Exercise data:

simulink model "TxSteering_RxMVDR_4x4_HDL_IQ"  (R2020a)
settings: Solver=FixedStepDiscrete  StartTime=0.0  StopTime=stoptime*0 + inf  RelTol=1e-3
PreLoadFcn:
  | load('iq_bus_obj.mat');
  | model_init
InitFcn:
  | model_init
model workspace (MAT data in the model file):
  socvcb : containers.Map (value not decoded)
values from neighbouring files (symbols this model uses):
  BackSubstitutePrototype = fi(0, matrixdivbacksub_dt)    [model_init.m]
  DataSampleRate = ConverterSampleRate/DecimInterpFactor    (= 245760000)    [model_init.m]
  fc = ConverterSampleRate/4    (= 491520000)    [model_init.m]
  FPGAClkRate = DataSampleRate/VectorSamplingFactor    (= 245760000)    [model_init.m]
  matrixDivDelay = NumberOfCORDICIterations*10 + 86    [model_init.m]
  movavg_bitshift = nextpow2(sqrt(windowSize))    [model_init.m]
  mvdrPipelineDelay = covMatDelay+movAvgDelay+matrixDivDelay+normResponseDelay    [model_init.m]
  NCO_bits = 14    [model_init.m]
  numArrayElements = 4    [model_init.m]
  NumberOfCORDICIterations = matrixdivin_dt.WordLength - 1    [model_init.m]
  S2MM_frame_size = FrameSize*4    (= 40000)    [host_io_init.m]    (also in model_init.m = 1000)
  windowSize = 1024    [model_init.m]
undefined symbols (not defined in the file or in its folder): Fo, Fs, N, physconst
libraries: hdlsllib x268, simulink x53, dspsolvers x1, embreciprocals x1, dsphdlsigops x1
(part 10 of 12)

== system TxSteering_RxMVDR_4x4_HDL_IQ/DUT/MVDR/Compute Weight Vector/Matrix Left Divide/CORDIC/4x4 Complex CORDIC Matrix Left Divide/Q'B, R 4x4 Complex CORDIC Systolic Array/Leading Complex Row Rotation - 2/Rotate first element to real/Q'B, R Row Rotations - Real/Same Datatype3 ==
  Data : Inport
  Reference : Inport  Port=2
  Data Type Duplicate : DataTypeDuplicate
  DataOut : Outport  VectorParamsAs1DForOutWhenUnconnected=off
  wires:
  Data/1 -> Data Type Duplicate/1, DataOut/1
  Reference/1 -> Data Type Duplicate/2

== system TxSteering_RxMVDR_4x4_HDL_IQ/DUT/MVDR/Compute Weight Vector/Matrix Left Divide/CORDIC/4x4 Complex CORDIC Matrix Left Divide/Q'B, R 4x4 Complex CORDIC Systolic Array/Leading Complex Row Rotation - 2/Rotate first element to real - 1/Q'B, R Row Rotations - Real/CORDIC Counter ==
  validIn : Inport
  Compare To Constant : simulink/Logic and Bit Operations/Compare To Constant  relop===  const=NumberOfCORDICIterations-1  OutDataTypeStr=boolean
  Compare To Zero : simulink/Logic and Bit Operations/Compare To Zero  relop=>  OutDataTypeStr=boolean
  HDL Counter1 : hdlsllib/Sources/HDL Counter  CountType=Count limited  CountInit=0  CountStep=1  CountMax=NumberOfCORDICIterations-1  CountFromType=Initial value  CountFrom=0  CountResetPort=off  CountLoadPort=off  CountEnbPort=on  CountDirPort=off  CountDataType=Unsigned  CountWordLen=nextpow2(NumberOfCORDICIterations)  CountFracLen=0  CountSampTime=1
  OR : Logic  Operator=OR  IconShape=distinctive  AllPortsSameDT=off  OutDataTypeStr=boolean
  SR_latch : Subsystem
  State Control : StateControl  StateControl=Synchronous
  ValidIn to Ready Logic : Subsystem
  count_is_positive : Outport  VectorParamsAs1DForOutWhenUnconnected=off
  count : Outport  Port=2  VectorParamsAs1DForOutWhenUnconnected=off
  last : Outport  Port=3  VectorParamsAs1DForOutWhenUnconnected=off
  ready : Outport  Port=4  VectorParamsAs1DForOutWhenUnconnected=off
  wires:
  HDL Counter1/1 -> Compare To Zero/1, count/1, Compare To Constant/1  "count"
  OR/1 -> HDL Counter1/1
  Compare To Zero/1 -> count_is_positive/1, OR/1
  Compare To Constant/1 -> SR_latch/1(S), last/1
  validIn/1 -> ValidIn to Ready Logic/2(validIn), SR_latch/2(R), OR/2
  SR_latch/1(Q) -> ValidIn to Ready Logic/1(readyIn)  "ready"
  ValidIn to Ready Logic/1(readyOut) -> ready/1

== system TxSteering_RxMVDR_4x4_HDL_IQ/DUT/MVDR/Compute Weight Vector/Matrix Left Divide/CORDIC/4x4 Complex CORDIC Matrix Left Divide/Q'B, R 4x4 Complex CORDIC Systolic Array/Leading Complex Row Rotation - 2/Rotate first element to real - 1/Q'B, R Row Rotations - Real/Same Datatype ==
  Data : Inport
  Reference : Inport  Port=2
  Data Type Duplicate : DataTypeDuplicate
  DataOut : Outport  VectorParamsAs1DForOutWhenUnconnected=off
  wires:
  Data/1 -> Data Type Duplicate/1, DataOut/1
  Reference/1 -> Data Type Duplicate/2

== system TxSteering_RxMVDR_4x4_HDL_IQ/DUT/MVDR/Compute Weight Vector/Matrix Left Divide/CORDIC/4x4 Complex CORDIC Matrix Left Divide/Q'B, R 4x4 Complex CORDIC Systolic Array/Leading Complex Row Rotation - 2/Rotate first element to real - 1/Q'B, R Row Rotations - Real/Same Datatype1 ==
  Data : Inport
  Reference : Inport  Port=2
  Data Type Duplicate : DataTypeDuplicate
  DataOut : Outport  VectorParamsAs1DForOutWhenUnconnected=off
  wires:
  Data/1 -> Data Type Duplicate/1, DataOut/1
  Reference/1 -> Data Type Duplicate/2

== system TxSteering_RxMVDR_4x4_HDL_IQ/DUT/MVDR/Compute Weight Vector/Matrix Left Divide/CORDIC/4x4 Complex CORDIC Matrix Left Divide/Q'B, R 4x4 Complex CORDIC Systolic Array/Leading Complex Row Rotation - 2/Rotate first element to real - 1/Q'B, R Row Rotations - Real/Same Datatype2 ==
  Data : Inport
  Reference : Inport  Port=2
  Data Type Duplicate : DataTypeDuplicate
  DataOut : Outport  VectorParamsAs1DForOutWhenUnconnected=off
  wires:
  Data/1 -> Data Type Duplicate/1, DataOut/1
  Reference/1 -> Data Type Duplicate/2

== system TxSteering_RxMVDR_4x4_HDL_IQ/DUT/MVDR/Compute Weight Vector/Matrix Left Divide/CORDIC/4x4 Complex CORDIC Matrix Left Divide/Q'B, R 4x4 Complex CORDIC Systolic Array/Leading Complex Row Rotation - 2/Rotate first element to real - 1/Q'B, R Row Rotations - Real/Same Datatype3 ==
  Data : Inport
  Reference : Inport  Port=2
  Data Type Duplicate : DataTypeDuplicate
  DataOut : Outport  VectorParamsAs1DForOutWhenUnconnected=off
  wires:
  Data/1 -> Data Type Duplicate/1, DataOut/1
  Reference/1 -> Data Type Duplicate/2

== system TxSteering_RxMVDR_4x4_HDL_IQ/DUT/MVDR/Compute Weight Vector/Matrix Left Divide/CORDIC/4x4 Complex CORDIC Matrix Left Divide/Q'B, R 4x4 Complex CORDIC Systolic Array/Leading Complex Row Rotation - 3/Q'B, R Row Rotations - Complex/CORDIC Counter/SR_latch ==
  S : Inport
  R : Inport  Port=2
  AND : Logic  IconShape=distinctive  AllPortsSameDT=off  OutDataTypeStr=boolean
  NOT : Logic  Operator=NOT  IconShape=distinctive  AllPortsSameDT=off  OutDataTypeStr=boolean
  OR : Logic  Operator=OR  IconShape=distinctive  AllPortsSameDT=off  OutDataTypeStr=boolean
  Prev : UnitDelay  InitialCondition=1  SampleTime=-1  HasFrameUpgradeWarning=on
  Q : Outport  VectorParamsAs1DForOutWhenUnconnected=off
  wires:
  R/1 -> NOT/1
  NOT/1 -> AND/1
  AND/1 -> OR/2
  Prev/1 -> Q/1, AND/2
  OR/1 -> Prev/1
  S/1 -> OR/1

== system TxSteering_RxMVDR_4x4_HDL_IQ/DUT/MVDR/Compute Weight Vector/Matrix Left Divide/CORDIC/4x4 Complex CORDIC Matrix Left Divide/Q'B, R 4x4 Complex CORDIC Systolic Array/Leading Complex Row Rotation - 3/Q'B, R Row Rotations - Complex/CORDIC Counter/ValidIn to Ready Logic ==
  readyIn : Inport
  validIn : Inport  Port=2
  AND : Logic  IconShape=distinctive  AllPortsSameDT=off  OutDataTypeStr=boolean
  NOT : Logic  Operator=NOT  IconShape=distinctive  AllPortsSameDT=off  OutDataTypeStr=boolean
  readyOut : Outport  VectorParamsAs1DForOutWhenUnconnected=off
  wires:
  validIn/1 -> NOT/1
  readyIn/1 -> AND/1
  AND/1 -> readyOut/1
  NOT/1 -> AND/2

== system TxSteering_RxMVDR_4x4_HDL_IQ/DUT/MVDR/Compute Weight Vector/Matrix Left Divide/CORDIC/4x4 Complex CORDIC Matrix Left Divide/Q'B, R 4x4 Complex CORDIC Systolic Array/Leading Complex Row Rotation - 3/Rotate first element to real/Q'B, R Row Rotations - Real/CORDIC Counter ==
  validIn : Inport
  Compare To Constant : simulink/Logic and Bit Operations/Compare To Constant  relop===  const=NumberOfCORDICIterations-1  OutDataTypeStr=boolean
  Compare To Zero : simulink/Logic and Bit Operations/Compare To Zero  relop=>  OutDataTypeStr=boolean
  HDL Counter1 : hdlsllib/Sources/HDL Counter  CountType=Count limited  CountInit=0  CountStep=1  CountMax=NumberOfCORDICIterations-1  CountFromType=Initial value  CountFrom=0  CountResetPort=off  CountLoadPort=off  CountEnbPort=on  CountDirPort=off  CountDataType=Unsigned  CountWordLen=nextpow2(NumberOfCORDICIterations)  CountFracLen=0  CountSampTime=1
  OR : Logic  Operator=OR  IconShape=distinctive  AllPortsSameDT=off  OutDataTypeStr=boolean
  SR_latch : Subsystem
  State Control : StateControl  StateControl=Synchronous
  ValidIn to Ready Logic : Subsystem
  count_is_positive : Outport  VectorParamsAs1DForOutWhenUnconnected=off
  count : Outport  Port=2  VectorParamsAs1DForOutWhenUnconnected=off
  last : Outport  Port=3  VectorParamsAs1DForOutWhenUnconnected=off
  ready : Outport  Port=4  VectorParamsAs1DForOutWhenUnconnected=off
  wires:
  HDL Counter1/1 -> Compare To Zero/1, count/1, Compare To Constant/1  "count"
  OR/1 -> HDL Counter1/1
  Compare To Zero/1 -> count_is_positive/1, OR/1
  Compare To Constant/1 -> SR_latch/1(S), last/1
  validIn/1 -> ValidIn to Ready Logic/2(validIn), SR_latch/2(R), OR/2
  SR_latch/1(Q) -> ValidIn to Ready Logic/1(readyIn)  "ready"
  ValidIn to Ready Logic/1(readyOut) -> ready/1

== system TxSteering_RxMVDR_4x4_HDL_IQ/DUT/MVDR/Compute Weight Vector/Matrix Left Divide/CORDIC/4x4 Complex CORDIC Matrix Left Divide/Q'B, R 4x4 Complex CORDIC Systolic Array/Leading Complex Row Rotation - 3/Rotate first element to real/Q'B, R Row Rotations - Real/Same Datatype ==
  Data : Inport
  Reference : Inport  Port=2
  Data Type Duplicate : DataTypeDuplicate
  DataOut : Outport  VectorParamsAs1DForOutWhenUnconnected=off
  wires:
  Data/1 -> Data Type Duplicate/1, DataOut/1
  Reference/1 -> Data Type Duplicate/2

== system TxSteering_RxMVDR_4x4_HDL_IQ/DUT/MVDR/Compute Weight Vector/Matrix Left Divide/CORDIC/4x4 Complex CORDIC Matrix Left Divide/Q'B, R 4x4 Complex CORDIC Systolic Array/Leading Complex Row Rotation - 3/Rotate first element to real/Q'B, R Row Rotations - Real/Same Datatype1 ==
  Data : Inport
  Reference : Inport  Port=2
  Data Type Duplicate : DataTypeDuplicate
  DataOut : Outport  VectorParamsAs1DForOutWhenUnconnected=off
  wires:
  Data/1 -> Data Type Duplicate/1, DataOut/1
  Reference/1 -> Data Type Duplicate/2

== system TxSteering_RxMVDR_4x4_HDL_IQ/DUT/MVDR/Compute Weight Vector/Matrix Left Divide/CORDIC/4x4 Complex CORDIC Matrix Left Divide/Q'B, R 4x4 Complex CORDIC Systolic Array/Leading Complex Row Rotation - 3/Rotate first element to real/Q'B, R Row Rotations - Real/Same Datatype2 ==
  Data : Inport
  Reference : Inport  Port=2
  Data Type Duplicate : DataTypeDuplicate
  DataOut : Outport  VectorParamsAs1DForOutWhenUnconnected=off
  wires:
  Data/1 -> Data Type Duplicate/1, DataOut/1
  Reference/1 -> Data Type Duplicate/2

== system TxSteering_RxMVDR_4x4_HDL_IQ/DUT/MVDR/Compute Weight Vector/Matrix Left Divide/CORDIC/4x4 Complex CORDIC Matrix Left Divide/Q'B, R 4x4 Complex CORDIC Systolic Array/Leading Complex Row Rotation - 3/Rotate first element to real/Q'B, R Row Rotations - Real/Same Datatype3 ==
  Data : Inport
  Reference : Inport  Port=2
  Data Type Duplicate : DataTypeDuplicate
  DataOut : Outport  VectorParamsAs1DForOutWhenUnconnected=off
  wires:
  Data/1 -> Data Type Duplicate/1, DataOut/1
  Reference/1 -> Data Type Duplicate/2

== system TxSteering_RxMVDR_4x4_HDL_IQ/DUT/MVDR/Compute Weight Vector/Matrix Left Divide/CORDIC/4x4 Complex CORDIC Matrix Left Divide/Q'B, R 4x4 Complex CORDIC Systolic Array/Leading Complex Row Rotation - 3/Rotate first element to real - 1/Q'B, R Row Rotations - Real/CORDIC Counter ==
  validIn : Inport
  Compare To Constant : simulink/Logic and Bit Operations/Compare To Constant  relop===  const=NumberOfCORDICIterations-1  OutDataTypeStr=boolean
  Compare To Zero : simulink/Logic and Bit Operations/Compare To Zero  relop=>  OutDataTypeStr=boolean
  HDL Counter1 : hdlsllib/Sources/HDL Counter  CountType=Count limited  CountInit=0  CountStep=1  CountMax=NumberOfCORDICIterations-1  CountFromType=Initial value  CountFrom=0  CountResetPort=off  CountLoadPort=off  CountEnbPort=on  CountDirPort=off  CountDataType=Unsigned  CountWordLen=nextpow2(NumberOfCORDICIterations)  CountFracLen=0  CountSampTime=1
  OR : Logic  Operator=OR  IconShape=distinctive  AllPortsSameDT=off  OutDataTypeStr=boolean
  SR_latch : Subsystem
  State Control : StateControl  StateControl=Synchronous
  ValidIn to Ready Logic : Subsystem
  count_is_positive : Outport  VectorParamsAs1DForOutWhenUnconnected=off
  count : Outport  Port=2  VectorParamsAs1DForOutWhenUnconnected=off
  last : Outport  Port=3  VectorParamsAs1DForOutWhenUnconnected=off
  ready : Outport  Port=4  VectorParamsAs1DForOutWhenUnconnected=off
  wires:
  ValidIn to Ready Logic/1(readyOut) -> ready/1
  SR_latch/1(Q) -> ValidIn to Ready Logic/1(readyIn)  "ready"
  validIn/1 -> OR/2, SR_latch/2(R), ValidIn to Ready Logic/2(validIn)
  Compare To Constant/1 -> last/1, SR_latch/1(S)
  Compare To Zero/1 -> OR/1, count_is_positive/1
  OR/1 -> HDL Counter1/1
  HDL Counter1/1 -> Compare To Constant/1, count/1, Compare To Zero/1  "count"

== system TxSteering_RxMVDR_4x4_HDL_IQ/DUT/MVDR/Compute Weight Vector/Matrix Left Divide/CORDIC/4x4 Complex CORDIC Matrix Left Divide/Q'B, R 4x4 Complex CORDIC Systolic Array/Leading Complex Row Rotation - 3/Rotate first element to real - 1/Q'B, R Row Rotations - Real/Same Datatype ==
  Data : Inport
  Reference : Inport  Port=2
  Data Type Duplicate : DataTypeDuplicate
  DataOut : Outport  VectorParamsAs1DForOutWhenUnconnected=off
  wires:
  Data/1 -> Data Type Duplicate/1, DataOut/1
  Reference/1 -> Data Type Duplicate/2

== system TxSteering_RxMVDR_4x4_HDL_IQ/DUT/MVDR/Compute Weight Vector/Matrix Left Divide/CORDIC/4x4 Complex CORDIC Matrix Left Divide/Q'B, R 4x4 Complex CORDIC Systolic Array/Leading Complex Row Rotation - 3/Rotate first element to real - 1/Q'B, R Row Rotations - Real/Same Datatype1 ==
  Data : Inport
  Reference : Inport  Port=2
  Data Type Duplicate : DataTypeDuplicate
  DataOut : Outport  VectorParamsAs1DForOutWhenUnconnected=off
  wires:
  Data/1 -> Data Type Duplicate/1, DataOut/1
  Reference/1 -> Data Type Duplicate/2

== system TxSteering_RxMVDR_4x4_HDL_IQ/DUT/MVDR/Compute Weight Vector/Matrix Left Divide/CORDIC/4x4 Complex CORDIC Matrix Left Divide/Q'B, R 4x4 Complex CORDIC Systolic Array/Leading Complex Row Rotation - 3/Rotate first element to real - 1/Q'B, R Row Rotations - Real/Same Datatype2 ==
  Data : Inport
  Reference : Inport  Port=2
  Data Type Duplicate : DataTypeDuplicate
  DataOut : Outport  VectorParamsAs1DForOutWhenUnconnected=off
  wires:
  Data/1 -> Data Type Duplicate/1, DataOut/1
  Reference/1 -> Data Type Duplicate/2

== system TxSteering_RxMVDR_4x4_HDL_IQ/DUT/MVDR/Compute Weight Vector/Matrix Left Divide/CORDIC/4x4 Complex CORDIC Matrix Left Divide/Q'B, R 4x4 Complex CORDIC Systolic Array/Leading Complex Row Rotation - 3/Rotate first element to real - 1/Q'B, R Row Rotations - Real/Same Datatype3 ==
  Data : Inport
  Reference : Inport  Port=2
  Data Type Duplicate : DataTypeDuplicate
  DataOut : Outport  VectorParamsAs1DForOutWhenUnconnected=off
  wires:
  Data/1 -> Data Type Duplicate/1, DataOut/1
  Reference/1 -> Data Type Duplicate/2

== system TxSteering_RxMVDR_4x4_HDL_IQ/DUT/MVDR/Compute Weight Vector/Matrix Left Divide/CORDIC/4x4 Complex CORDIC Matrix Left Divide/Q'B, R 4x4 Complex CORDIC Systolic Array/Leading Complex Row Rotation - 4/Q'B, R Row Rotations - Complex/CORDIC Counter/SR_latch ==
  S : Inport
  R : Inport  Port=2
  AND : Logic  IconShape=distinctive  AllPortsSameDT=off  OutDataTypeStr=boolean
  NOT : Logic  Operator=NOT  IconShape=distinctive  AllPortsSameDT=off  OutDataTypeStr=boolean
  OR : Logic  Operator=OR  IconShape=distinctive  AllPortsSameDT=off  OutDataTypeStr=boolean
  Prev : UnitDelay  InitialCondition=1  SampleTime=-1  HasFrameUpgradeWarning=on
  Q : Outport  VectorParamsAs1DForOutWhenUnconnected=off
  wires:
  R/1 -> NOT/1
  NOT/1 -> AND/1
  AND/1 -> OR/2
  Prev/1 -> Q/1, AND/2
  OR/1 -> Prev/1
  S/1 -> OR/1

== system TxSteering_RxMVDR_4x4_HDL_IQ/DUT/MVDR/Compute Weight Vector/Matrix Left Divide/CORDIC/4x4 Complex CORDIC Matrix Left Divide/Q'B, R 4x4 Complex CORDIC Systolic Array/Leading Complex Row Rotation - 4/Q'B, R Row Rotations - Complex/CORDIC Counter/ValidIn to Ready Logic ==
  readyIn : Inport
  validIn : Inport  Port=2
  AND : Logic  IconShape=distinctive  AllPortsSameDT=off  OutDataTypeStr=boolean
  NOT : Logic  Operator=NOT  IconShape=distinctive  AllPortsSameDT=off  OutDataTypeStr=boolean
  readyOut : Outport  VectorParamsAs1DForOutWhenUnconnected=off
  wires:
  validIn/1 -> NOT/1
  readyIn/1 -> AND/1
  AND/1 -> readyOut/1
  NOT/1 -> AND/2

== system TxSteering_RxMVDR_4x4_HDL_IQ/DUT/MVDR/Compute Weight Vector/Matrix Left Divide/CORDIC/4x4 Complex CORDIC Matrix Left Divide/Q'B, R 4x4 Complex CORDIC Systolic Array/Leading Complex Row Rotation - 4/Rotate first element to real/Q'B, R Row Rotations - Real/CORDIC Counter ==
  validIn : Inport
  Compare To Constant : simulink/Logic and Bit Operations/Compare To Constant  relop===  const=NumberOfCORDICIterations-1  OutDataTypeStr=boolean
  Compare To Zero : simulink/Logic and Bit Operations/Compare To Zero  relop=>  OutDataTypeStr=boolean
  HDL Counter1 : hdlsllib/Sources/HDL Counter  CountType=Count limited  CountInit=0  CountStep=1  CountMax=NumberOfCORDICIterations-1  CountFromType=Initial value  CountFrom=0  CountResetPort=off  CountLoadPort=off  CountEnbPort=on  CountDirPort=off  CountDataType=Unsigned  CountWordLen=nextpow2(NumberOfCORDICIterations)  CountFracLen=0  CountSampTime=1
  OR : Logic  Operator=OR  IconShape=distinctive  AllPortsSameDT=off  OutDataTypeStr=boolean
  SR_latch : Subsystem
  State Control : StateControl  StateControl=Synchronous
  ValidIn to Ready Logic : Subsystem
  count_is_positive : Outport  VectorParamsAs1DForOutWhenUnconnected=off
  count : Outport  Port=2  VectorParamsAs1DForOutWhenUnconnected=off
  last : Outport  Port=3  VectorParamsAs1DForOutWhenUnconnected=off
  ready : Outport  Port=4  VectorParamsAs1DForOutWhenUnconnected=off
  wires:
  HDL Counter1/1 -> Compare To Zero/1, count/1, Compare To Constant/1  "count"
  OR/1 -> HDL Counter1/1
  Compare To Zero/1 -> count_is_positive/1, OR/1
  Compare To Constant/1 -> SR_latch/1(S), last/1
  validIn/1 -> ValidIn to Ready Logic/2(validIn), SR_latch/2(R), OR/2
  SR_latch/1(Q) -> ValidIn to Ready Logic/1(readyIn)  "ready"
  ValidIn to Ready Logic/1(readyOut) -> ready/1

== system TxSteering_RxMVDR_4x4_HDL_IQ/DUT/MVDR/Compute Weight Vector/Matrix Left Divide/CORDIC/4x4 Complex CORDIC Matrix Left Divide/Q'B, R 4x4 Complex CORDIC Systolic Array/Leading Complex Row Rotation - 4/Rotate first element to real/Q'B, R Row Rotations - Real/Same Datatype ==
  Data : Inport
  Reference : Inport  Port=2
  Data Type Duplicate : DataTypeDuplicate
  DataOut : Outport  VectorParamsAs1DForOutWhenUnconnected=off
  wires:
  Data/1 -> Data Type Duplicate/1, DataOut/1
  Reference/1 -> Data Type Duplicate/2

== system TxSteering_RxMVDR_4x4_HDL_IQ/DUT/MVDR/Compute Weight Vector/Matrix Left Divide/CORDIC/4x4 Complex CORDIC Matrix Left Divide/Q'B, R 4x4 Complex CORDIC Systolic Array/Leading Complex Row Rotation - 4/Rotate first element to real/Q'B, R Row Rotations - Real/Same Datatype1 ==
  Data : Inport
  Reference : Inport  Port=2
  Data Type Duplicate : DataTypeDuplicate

Brief:
Output each line of the records above exactly, beginning at the first, and stop once the line containing "DataSampleRate = ConverterSampleRate/DecimInterpFactor" has been output.

Response for this exercise:
simulink model "TxSteering_RxMVDR_4x4_HDL_IQ"  (R2020a)
settings: Solver=FixedStepDiscrete  StartTime=0.0  StopTime=stoptime*0 + inf  RelTol=1e-3
PreLoadFcn:
  | load('iq_bus_obj.mat');
  | model_init
InitFcn:
  | model_init
model workspace (MAT data in the model file):
  socvcb : containers.Map (value not decoded)
values from neighbouring files (symbols this model uses):
  BackSubstitutePrototype = fi(0, matrixdivbacksub_dt)    [model_init.m]
  DataSampleRate = ConverterSampleRate/DecimInterpFactor    (= 245760000)    [model_init.m]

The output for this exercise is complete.